Bill to revamp Energy Department loan program could penalize employees.
The Republican-controlled House passed a bill to tighten oversight of a major Energy Department loan guarantee program in the wake of the politically controversial 2011 bankruptcy of the California-based solar energy panel maker Solyndra that cost taxpayers more than $500 million.
The bill introduced by Energy and Commerce Committee Chairman Fred Upton, R-Mich., would reorganize the program to restrict eligibility for future guarantees to projects that submitted applications before Dec. 31, 2011. It would require the Treasury secretary to review those guarantees and oblige Energy to consult with the Treasury Department on any changes in the terms and conditions of a loan guarantee.
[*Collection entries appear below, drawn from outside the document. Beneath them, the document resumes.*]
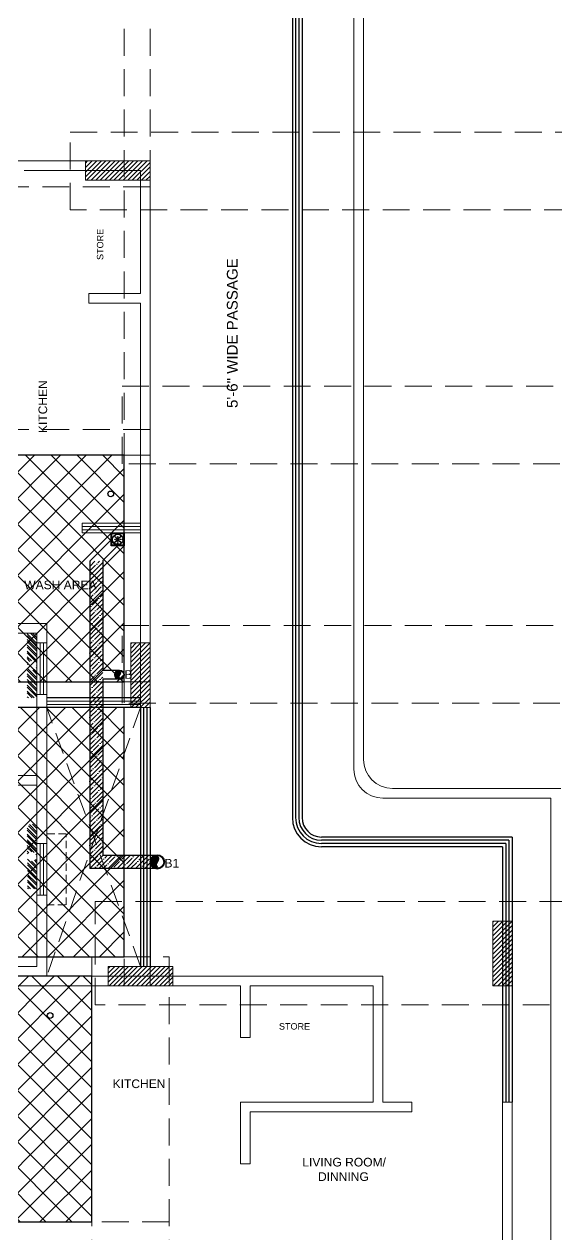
# Model space of a CAD drawing. Header units: inches. Extents: x 1807 to 67852, y 1160 to 20242.
# Drawn here: x 16916 to 17163, y 8413 to 8974 of the extents above; entities that cross this region are included whole.
import ezdxf

# ---------------------------------------------------------------- set-up
doc = ezdxf.new("R2010")
doc.units = ezdxf.units.IN
doc.header["$MEASUREMENT"] = 0
doc.linetypes.add('DASHED', pattern=[0.75, 0.5, -0.25])
for name, color, linetype, lineweight in [('$TD_AUDIT_GENERATED_(67B1F)', 8, 'Continuous', 15), ('02WINDOW & DOTTED', 8, 'Continuous', 20), ('4 upvc pip hatch', 6, 'Continuous', 5), ('4. UPCV', 6, 'Continuous', 30), ('AP_TEXT', 7, 'Continuous', 13), ('Bathing', 3, 'Continuous', 30), ('column_01', 7, 'Continuous', 18), ('Dummy wall', 8, 'Continuous', 18), ('HATCH', 8, 'Continuous', 0), ('PROJ.', 8, 'DASHED', 20), ('RAILING', 8, 'Continuous', 25), ('Railing 01', 8, 'Continuous', 18), ('SHOP TEXT', 7, 'Continuous', 15), ('SUNK', 216, 'Continuous', 30), ('SUNK HTACH', 165, 'Continuous', 15), ('wall', 7, 'Continuous', 20), ('WINDOW', 8, 'Continuous', 15)]:
    doc.layers.add(name, color=color, linetype=linetype, lineweight=lineweight)
doc.styles.add('Krupalu 1', font='arial.ttf')
pattern_1 = [(45, (-2883.811179141252, 0), (-1.060660171779821, 1.060660171779821), [])]
pattern_2 = [(135, (108474.4963731053, -3500.17938216971), (-1.325825214724774, -1.325825214724774), []), (135, (108474.4963731053, -3499.295498694559), (-1.325825214724774, -1.325825214724774), [])]
pattern_3 = [(135, (21954.08681038094, -55328.92698113222), (5.966213466261491, 5.966213466261491), []), (45, (21954.08681038094, -55328.92698113222), (5.966213466261491, -5.966213466261491), [])]

# ---------------------------------------------------------------- blocks, each defined once
blk = doc.blocks.new('dfhtutrut')
at = {"layer": 'HATCH'}
h = blk.add_hatch(dxfattribs=at)
h.set_pattern_fill('ANSI31', color=256, scale=12, style=0)
h.set_pattern_definition(pattern_1)
h.paths.add_polyline_path([(142385.4290213271, -630746.9774954448), (142355.4290212801, -630746.9774959112), (142355.4290213779, -630755.9774959182), (142385.4290214417, -630755.9774954463)])
h = blk.add_hatch(dxfattribs=at)
h.set_pattern_fill('ANSI31', color=256, scale=12, style=0)
h.set_pattern_definition(pattern_1)
h.paths.add_polyline_path([(142385.4290205156, -631000.4774971147), (142385.4290200448, -630970.4774970677), (142376.4290200378, -630970.4774971668), (142376.4290205141, -631000.4774972306)])
h = blk.add_hatch(dxfattribs=at)
h.set_pattern_fill('ANSI31', color=256, scale=12, style=0)
h.set_pattern_definition(pattern_1)
h.paths.add_polyline_path([(142553.4290218332, -631129.4774953473), (142553.4290213624, -631099.4774953002), (142544.4290213554, -631099.4774953994), (142544.4290218316, -631129.4774954632)])
h = blk.add_hatch(dxfattribs=at)
h.set_pattern_fill('ANSI31', color=256, scale=12, style=0)
h.set_pattern_definition(pattern_1)
h.paths.add_polyline_path([(142395.9290197353, -631120.4774956704), (142365.9290196883, -631120.4774961412), (142365.9290197875, -631129.4774961482), (142395.9290198513, -631129.477495672)])
at = {"layer": 'column_01'}
for points in [[(142385.4290213271, -630746.9774954448), (142355.4290212801, -630746.9774959112), (142355.4290213779, -630755.9774959182), (142385.4290214417, -630755.9774954463)], [(142385.4290205156, -631000.4774971147), (142385.4290200448, -630970.4774970677), (142376.4290200378, -630970.4774971668), (142376.4290205141, -631000.4774972306)], [(142553.4290218332, -631129.4774953473), (142553.4290213624, -631099.4774953002), (142544.4290213554, -631099.4774953994), (142544.4290218316, -631129.4774954632)], [(142395.9290197353, -631120.4774956704), (142365.9290196883, -631120.4774961412), (142365.9290197875, -631129.4774961482), (142395.9290198513, -631129.477495672)]]:
    blk.add_lwpolyline(points, close=True, dxfattribs=at)
blk = doc.blocks.new('rwrwq')
at = {"layer": 'Bathing'}
for points in [[(19894.37203204799, -3202.340139237341), (19894.37203204799, -3196.340139237341), (19900.37203204799, -3196.340139237341), (19900.37203204799, -3202.340139237341)], [(19894.64703204798, -3202.065139237201), (19894.64703204798, -3196.615139237247), (19900.09703204799, -3196.615139237247), (19900.09703204799, -3202.065139237201)]]:
    blk.add_lwpolyline(points, close=True, dxfattribs=at)
for centre, radius in [((19897.37203204799, -3199.340139237355), 2.421044871691265), ((19895.50019133168, -3199.340139237355), 0.1287538472970482), ((19895.92520902531, -3197.893316214764), 0.1287538472970482), ((19895.92520902531, -3200.786962259974), 0.1287538472970482), ((19896.22368872772, -3199.340139237355), 0.1287538472970482), ((19896.41583037584, -3198.383937565223), 0.1287538472970482), ((19896.41583037584, -3200.296340909472), 0.1287538472970482), ((19896.86680024385, -3199.340139237355), 0.1287538472970482), ((19896.93864527541, -3198.906752464658), 0.1287538472970482), ((19896.93864527541, -3199.773526009761), 0.1287538472970482), ((19897.37203204799, -3198.109556690519), 0.1287538472970482), ((19897.37203204799, -3198.109556690519), 0.1287538472970482), ((19897.37203204799, -3198.83381198644), 0.1287538472970482), ((19897.37203204799, -3198.83381198644), 0.1287538472970482), ((19897.37203204799, -3199.340139237355), 0.1287538472970482), ((19897.37203204799, -3199.846466488007), 0.1287538472970482), ((19897.37203204799, -3199.846466488007), 0.1287538472970482), ((19897.37203204799, -3200.570721783957), 0.1287538472970482), ((19897.37203204799, -3200.570721783957), 0.1287538472970482), ((19897.37203204799, -3201.278879867829), 0.1287538472970482), ((19897.37203204799, -3201.278879867829), 0.1287538472970482), ((19897.80541882057, -3198.906752464658), 0.1287538472970482), ((19897.80541882057, -3199.773526009761), 0.1287538472970482), ((19897.8772638521, -3199.340139237355), 0.1287538472970482), ((19898.32823372013, -3198.383937565223), 0.1287538472970482), ((19898.32823372013, -3200.296340909472), 0.1287538472970482), ((19898.52037536825, -3199.340139237355), 0.1287538472970482), ((19898.81885507066, -3197.893316214764), 0.1287538472970482), ((19898.81885507066, -3200.786962259974), 0.1287538472970482)]:
    blk.add_circle(centre, radius, dxfattribs=at)
blk = doc.blocks.new('zw$137B')
at = {"layer": '$TD_AUDIT_GENERATED_(67B1F)', "linetype": 'DASHED', "lineweight": -2, "ltscale": 25}
for p, q in [((-278.9988480072061, -762.0000005643815), (-573, -762.0000005643815)), ((-278.9988480072061, -774.0000005643815), (-573, -774.0000005643815)), ((-278.9988480072061, -886.4999999457505), (-573, -886.4999999457505)), ((-278.9988480072061, -898.4999999457505), (-573, -898.4999999457505)), ((-278.9988480072061, -1003.500000202796), (-573, -1003.500000202796)), ((-278.9988480072061, -1015.500000202796), (-572.9988513979188, -1015.500000202796)), ((-572.9988513873686, -1130.999999958207), (-270.1546428534784, -1131.000000313041)), ((-306.0011481016118, -1131.000000271015), (-306.0011481016118, -1414.49999984703)), ((-270.1546428534784, -1131.00000031502), (-270.1546428534784, -1414.49999984703)), ((-572.9988513979188, -1139.999999958207), (-270.1546428534784, -1140.000000313041)), ((-270.1546428534784, -1253.9999998149), (-548.9988519625913, -1253.9999998149))]:
    blk.add_line(p, q, dxfattribs=at)
for points in [[(-290.9988480072061, -1144.500574246282), (-290.9988480072061, -148.4999999729916)], [(-278.9988480072061, -1144.500574246282), (-278.9988480072061, -148.4999999729916)]]:
    blk.add_lwpolyline(points, dxfattribs=at)
at = {"layer": '$TD_AUDIT_GENERATED_(67B1F)', "color": 1, "linetype": 'DASHED', "lineweight": -2, "ltscale": 25}
for points in [[(-316.0288677171111, -748.7500483277179), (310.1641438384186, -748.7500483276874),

The bill also would impose administrative sanctions and civil penalties of $10,000 to $50,000 on federal officials who violate the requirements of the program.
On Friday, House Oversight and Government Reform Committee Chairman Darrell Issa, R-Calif., said the program was “rife with mismanagement” and that people involved violated law. “Department officials illegally altered the terms of Solyndra’s loan agreement to advantage individuals who were invested in the company and political supporters of the president,” he said. “Passing the No More Solyndras Act holds the administration and DOE officials accountable and provides greater transparency to prevent future failures like Solyndra.”
The House vote on Thursday was 245-161.